Ecclesiastes 6:1,2 says "There is an evil that I have seen under the sun, and it lies heavy on mankind: a man to whom God gives wealth, possessions, and honor, so that he lacks nothing of all that he desires, yet God does not give him power to enjoy them, but a stranger enjoys them. This is vanity (hebel); it is a grievous evil."

I want Soma and Code-Monkeys to succeed, I really do, but I also find myself at least mildly nervous. I can't seem to read the Bible without seeing that God wants to bless his children, he wants us to prosper, and in some cases that might mean fame and fortune. But I am also very aware of Jesus' words to and about the rich. Money seems to be the only thing he says might in fact cause us to loose our eternal souls. I'm convinced that success is usually a blessing, but it is also a test, a challenge. And it seems to me that nothing in this world temps us to isolation and unaccountability like fame and fortune. Rich people are allowed all manner of character flaws that a more modestly endowed person would not. 

It is of ultimate concern to me that Soma's success not cost me my character. Nor by extension my integrity, friends or (heaven forbid) my family.

And yet I don't think it would be wise to turn away the gifts that God hands out either. I'm reminded that Moses tries to get out of his calling that day at eh bush several times and eventually God just gets mad, "But [Moses] said, "Oh, my Lord, please send someone else." Then the anger of the LORD was kindled against Moses..." I know we need to remain humble but at some point we cross a line between humility and disregard for God's gift, spitting on his desire for our lives. What's more, it seems fair to say that God lifts people up for a larger purpose, a purpose beyond merely blessing - though He needs no larger reason to simply dote on his children.

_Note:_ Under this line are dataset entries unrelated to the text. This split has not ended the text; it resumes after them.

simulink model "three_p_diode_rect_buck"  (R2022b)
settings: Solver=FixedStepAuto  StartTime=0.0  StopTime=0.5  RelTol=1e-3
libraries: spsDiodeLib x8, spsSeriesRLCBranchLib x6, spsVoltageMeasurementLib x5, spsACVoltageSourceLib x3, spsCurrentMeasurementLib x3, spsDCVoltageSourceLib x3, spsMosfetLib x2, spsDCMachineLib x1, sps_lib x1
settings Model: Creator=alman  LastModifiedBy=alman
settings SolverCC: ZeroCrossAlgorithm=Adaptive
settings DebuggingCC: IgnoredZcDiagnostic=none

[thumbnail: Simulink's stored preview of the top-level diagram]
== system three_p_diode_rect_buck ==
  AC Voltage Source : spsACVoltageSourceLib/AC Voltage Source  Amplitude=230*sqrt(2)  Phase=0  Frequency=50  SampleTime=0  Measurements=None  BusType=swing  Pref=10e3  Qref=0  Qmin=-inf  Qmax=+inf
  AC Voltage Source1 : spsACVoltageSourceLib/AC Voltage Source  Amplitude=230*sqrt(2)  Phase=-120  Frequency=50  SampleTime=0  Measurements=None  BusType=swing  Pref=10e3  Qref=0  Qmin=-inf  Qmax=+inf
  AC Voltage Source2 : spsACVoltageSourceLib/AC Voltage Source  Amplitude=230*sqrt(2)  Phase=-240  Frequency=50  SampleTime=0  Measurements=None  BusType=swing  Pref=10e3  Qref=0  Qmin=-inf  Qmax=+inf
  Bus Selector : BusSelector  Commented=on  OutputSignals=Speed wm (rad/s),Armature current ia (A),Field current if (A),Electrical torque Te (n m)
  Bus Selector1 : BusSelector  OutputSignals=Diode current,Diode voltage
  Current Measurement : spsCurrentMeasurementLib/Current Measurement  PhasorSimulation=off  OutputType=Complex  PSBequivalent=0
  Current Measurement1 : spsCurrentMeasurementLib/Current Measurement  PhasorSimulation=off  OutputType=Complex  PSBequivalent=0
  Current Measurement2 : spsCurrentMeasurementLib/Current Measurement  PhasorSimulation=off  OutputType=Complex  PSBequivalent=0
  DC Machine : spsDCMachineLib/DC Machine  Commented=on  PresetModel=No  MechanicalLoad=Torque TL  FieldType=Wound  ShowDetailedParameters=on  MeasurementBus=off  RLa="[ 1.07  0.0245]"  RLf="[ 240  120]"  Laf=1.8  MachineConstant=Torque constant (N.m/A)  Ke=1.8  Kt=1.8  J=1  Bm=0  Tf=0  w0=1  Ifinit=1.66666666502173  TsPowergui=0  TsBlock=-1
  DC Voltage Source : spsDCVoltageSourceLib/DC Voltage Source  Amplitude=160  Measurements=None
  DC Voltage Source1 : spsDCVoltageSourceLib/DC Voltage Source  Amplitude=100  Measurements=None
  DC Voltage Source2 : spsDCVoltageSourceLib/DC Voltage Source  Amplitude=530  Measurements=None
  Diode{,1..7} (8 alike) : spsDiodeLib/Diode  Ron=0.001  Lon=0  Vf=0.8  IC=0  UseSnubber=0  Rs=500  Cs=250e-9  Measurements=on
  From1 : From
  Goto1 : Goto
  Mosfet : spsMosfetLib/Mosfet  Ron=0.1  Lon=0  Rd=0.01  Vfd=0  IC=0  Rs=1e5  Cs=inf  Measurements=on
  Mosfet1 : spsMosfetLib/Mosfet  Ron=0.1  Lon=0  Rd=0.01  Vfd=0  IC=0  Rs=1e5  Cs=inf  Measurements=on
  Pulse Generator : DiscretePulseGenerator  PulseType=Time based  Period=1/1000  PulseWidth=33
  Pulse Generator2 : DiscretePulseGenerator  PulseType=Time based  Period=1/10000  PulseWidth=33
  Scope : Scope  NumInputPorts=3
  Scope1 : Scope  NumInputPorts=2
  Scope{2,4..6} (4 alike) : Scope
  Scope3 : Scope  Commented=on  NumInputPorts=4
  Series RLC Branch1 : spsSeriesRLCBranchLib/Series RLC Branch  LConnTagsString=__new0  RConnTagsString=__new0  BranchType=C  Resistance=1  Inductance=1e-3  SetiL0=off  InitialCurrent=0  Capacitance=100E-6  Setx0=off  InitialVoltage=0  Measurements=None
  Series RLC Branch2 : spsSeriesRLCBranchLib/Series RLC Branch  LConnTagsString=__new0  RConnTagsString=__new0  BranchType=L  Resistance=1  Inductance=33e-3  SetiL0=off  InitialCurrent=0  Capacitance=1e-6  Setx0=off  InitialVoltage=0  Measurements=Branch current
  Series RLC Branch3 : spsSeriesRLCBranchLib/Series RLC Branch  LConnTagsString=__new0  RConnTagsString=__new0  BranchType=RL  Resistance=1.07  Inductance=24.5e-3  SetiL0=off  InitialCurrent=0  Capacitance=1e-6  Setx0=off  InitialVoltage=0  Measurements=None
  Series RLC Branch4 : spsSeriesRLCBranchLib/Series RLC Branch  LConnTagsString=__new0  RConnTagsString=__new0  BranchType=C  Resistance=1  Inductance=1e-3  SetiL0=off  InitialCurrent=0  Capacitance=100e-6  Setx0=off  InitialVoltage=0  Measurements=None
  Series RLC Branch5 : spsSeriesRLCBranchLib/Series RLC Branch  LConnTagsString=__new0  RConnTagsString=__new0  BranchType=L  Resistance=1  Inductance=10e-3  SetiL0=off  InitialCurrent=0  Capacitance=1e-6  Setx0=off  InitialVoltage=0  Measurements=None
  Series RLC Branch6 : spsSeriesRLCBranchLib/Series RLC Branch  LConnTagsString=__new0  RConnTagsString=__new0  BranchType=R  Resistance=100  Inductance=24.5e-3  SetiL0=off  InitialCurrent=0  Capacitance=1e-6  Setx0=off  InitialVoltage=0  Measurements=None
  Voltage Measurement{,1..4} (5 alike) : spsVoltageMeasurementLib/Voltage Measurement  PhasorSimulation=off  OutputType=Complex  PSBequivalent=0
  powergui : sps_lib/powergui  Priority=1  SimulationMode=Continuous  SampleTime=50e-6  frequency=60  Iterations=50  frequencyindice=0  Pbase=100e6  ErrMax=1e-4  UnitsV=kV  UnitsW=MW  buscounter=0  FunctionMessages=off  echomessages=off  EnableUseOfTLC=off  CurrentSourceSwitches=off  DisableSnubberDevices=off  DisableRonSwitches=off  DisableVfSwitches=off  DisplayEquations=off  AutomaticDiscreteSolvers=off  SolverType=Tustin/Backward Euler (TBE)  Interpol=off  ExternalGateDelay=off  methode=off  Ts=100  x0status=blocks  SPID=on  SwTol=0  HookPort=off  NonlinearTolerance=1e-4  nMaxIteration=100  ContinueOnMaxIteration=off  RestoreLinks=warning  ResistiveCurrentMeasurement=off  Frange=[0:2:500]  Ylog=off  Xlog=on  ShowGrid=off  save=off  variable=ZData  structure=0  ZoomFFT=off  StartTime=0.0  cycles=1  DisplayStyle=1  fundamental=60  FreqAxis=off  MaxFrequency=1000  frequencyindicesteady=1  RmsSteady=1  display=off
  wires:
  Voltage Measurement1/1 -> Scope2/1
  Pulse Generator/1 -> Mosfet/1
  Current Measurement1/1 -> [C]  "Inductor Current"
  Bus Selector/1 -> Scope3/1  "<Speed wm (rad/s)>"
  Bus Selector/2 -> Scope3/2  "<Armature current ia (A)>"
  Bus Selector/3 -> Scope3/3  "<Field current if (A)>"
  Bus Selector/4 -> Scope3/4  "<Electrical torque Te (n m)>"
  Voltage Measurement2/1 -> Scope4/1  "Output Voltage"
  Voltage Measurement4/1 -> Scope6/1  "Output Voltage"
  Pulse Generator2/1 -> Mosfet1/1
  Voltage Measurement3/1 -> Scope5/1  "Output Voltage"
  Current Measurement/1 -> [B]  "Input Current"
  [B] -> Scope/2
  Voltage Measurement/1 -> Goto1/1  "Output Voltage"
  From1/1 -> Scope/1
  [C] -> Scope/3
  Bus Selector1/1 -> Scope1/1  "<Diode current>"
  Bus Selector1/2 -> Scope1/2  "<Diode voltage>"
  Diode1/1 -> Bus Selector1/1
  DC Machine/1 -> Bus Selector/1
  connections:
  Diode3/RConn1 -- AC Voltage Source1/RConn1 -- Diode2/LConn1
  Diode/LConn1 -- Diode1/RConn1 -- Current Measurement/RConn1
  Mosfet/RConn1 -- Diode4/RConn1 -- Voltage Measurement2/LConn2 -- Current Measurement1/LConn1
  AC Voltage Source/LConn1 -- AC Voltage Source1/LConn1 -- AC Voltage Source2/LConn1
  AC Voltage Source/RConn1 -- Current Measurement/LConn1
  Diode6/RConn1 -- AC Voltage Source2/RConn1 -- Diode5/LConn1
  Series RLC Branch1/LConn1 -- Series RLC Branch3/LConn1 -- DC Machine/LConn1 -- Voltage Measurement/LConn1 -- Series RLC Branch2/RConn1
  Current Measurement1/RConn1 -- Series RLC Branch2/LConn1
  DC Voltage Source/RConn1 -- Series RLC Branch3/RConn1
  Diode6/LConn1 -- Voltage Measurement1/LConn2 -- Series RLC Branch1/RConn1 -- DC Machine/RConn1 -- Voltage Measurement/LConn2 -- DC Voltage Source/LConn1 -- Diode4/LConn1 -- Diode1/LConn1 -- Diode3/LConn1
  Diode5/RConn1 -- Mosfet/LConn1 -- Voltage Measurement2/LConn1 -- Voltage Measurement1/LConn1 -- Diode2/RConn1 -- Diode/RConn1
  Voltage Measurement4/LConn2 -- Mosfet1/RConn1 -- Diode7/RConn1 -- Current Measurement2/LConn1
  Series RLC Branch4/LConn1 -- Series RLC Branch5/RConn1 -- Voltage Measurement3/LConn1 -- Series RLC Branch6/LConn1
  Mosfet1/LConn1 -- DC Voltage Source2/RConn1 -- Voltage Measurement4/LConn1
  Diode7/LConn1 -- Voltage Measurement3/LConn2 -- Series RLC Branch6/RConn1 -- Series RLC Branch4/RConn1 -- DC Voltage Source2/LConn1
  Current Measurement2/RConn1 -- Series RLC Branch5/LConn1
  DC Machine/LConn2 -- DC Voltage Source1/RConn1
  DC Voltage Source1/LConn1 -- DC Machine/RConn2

We've started to see this more and more often in Soma. Somehow people find out about us and we get letters from folks who are moved or encouraged or inspired by the simple fact that Soma exists. In the last 12 months, we've made friends in the highest and most unlikely places all over the world. It's been a fantastic ride. ANd from where I sit now, it's obvious that it was providence and guidance and blessing. Sure, we all had our roles to play in those meetings and conversations but we haven't been actively seeking this stuff. In fact, I look back on this season and while it's been "busy" in one sense it's been effortless in another. I know what it's like to be really busy and come away feeling like all that effort availed nothing but if anything this season has been the opposite of that. I'm generally more relaxed, I  feel more 'present' and things just happen. How long that will continue is anybody's guess but so long as I can keep telling the sorry and pointing up...then I'll keep doing it.

OK, so I think I've wandered just a bit, but the point is just this: when I feels God's pleasure in what we're doing, whether that's on a stage in the spotlight or in deep obscurity, I have joy. When men bestow honor on me - I really don't care and I think that's the right attitude...I only pray that I can keep it.